If there are similarities in western Africa, I’d love to know more of the cauldron wielding men&women, who fry for a living in or near millennia of marketplaces. While a most usual ingredient as a filling, is ‘vatapá’, which could have its very own post (come to think of it, why not write a book on vatapá) itself, any filling might be added to taste, for any and every ‘acarajé’. When preparing this deep fried aperitif, we also like to have another simple additional item at the ready and many expect to be able to add this pungent condiment in order to fire up our acarajés. Of course, it is pepper, but as is regular, from Cuba to Buenos Aires and probably in more South American locations (we’ll probably just be referring to Latin America in a few hundred years) , there is a certain reputation in the Americas of the Atlantic, for the best and most overpowering of chilli sauces and if you can try it, then you should, with ‘malagueta’, possibly the most intense of all the peppers. As always, worldbound pepper pungencies could be compared!

It is recommended that if you are visiting Salvador, you should top up your energy levels with street stall salespersons, who are often referred to as ‘bahianas’. They are easily identifiable, wearing huge white dresses, colourful headscarves, sometimes incessantly smiling and are to be found at many tourist points.
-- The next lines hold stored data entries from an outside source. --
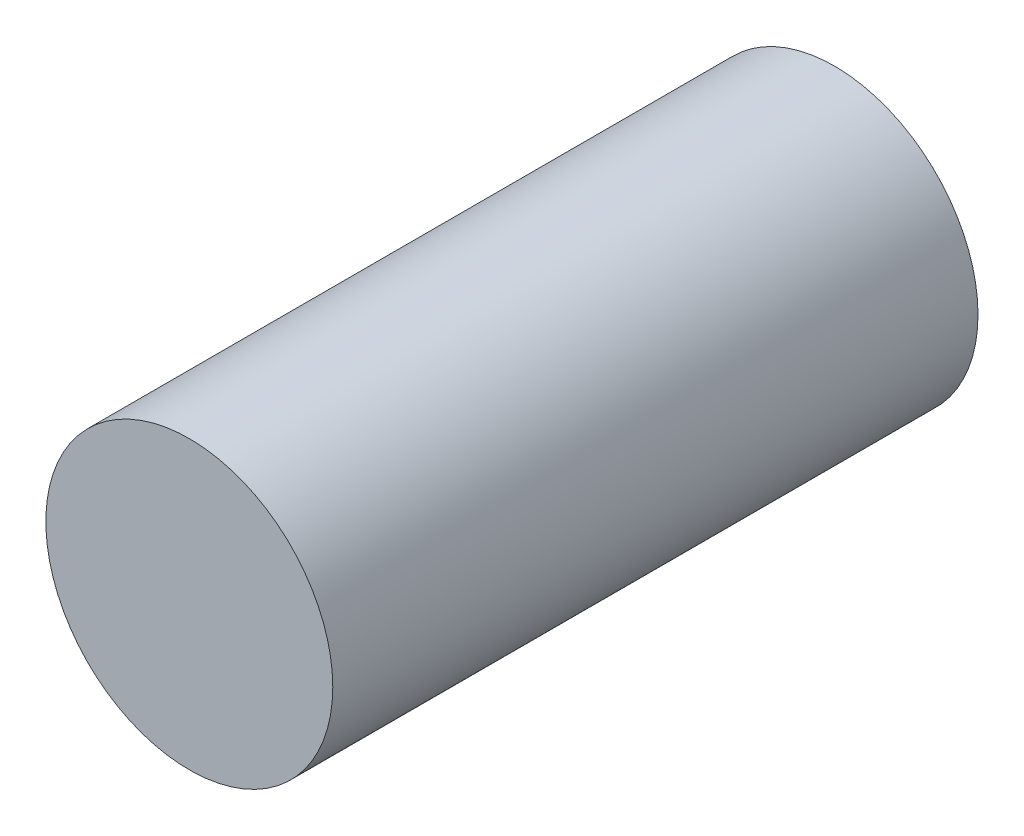
ISO-10303-21;
HEADER;
FILE_DESCRIPTION(('STEP AP214'),'2;1');
FILE_NAME('part.step','',(''),(''),'','','');
FILE_SCHEMA(('AUTOMOTIVE_DESIGN { 1 0 10303 214 1 1 1 1 }'));
ENDSEC;
DATA;
#1=APPLICATION_CONTEXT('core data for automotive mechanical design processes');
#2=APPLICATION_PROTOCOL_DEFINITION('international standard','automotive_design',2000,#1);
#3=PRODUCT_CONTEXT('',#1,'mechanical');
#4=PRODUCT('Part','Part','',(#3));
#5=PRODUCT_RELATED_PRODUCT_CATEGORY('part','',(#4));
#6=PRODUCT_DEFINITION_FORMATION('','',#4);
#7=PRODUCT_DEFINITION_CONTEXT('part definition',#1,'design');
#8=PRODUCT_DEFINITION('design','',#6,#7);
#9=PRODUCT_DEFINITION_SHAPE('','',#8);
#10=(LENGTH_UNIT() NAMED_UNIT(*) SI_UNIT(.MILLI.,.METRE.));
#11=(NAMED_UNIT(*) PLANE_ANGLE_UNIT() SI_UNIT($,.RADIAN.));
#12=(NAMED_UNIT(*) SI_UNIT($,.STERADIAN.) SOLID_ANGLE_UNIT());
#13=UNCERTAINTY_MEASURE_WITH_UNIT(LENGTH_MEASURE(1.E-05),#10,'distance_accuracy_value','');
#14=(GEOMETRIC_REPRESENTATION_CONTEXT(3) GLOBAL_UNCERTAINTY_ASSIGNED_CONTEXT((#13)) GLOBAL_UNIT_ASSIGNED_CONTEXT((#10,
#11,#12)) REPRESENTATION_CONTEXT('',''));
#15=CARTESIAN_POINT('',(0.,0.,0.));
#16=DIRECTION('',(0.,0.,1.));
#17=DIRECTION('',(1.,0.,0.));
#18=AXIS2_PLACEMENT_3D('',#15,#16,#17);
#19=CARTESIAN_POINT('',(0.,0.,5.));
#20=DIRECTION('',(0.,0.,-1.));
#21=DIRECTION('',(-1.,0.,0.));
#22=AXIS2_PLACEMENT_3D('',#19,#20,#21);
#23=CYLINDRICAL_SURFACE('',#22,58.7);
#24=CARTESIAN_POINT('',(0.,0.,0.));
#25=DIRECTION('',(0.,0.,1.));
#26=DIRECTION('',(1.,0.,0.));
#27=AXIS2_PLACEMENT_3D('',#24,#25,#26);
#28=CIRCLE('',#27,58.7);
#29=CARTESIAN_POINT('',(58.7,0.,0.));
#30=VERTEX_POINT('',#29);
#31=EDGE_CURVE('E48',#30,#30,#28,.T.);
#32=ORIENTED_EDGE('',*,*,#31,.T.);
#33=EDGE_LOOP('',(#32));
#34=FACE_BOUND('',#33,.T.);
#35=CARTESIAN_POINT('',(0.,0.,264.));
#36=DIRECTION('',(0.,0.,1.));
#37=DIRECTION('',(1.,0.,0.));
#38=AXIS2_PLACEMENT_3D('',#35,#36,#37);
#39=CIRCLE('',#38,58.7);
#40=CARTESIAN_POINT('',(58.7,0.,264.));
#41=VERTEX_POINT('',#40);
#42=EDGE_CURVE('E56',#41,#41,#39,.T.);
#43=ORIENTED_EDGE('',*,*,#42,.F.);
#44=EDGE_LOOP('',(#43));
#45=FACE_BOUND('',#44,.T.);
#46=ADVANCED_FACE('F41',(#34,#45),#23,.T.);
#47=CARTESIAN_POINT('',(0.,0.,0.));
#48=DIRECTION('',(0.,0.,1.));
#49=DIRECTION('',(1.,0.,0.));
#50=AXIS2_PLACEMENT_3D('',#47,#48,#49);
#51=PLANE('',#50);
#52=ORIENTED_EDGE('',*,*,#31,.F.);
#53=EDGE_LOOP('',(#52));
#54=FACE_BOUND('',#53,.T.);
#55=ADVANCED_FACE('F65',(#54),#51,.F.);
#56=CARTESIAN_POINT('',(0.,0.,264.));
#57=DIRECTION('',(0.,0.,1.));
#58=DIRECTION('',(1.,0.,0.));
#59=AXIS2_PLACEMENT_3D('',#56,#57,#58);
#60=PLANE('',#59);
#61=ORIENTED_EDGE('',*,*,#42,.T.);
#62=EDGE_LOOP('',(#61));
#63=FACE_BOUND('',#62,.T.);
#64=ADVANCED_FACE('F62',(#63),#60,.T.);
#65=CLOSED_SHELL('',(#46,#55,#64));
#66=CARTESIAN_POINT('',(0.,0.,5.));
#67=DIRECTION('',(0.,0.,1.));
#68=DIRECTION('',(1.,0.,0.));
#69=AXIS2_PLACEMENT_3D('',#66,#67,#68);
#70=PLANE('',#69);
#71=CARTESIAN_POINT('',(0.,0.,5.));
#72=DIRECTION('',(0.,0.,1.));
#73=DIRECTION('',(1.,0.,0.));
#74=AXIS2_PLACEMENT_3D('',#71,#72,#73);
#75=CIRCLE('',#74,48.7);
#76=CARTESIAN_POINT('',(48.7,0.,5.));
#77=VERTEX_POINT('',#76);
#78=EDGE_CURVE('E10',#77,#77,#75,.F.);
#79=ORIENTED_EDGE('',*,*,#78,.F.);
#80=EDGE_LOOP('',(#79));
#81=FACE_BOUND('',#80,.T.);
#82=ADVANCED_FACE('F75',(#81),#70,.T.);
#83=CARTESIAN_POINT('',(0.,0.,259.));
#84=DIRECTION('',(0.,0.,-1.));
#85=DIRECTION('',(-1.,0.,0.));
#86=AXIS2_PLACEMENT_3D('',#83,#84,#85);
#87=CYLINDRICAL_SURFACE('',#86,48.7);
#88=CARTESIAN_POINT('',(0.,0.,259.));
#89=DIRECTION('',(0.,0.,1.));
#90=DIRECTION('',(1.,0.,0.));
#91=AXIS2_PLACEMENT_3D('',#88,#89,#90);
#92=CIRCLE('',#91,48.7);
#93=CARTESIAN_POINT('',(48.7,0.,259.));
#94=VERTEX_POINT('',#93);
#95=EDGE_CURVE('E52',#94,#94,#92,.T.);
#96=ORIENTED_EDGE('',*,*,#95,.T.);
#97=EDGE_LOOP('',(#96));
#98=FACE_BOUND('',#97,.T.);
#99=ORIENTED_EDGE('',*,*,#78,.T.);
#100=EDGE_LOOP('',(#99));
#101=FACE_BOUND('',#100,.T.);
#102=ADVANCED_FACE('F78',(#98,#101),#87,.F.);
#103=CARTESIAN_POINT('',(0.,0.,259.));
#104=DIRECTION('',(0.,0.,1.));
#105=DIRECTION('',(1.,0.,0.));
#106=AXIS2_PLACEMENT_3D('',#103,#104,#105);
#107=PLANE('',#106);
#108=ORIENTED_EDGE('',*,*,#95,.F.);
#109=EDGE_LOOP('',(#108));
#110=FACE_BOUND('',#109,.T.);
#111=ADVANCED_FACE('F83',(#110),#107,.F.);
#112=CLOSED_SHELL('',(#82,#102,#111));
#113=ORIENTED_CLOSED_SHELL('',*,#112,.T.);
#114=BREP_WITH_VOIDS('B2',#65,(#113));
#115=ADVANCED_BREP_SHAPE_REPRESENTATION('',(#18,#114),#14);
#116=SHAPE_DEFINITION_REPRESENTATION(#9,#115);
ENDSEC;
END-ISO-10303-21;

Their culinary expertise is more than admirable and those cumbersome dresses are an internationally recognized cultural emblem, most closely associated with Salvador, Bahia, the northeast, Brazil and South America. How some Bahian women have continued to adorn themselves with such a splendid display of robing is really astounding, considering our tropical climate. They may tell you how and why, if they have the time or the inclination to explain in all their glowing details! I suggest spending a little of your time and money with those wonderful bahiana women, as they will make your holiday so much more pleasurable, not only with their delicious traditional cuisine but moreso, with their charming conversation and irrepressible personalities.
Acarajé (German Edition)
Acarajé, is just a pinnacle of Brazilian culinary deftness! Enjoy!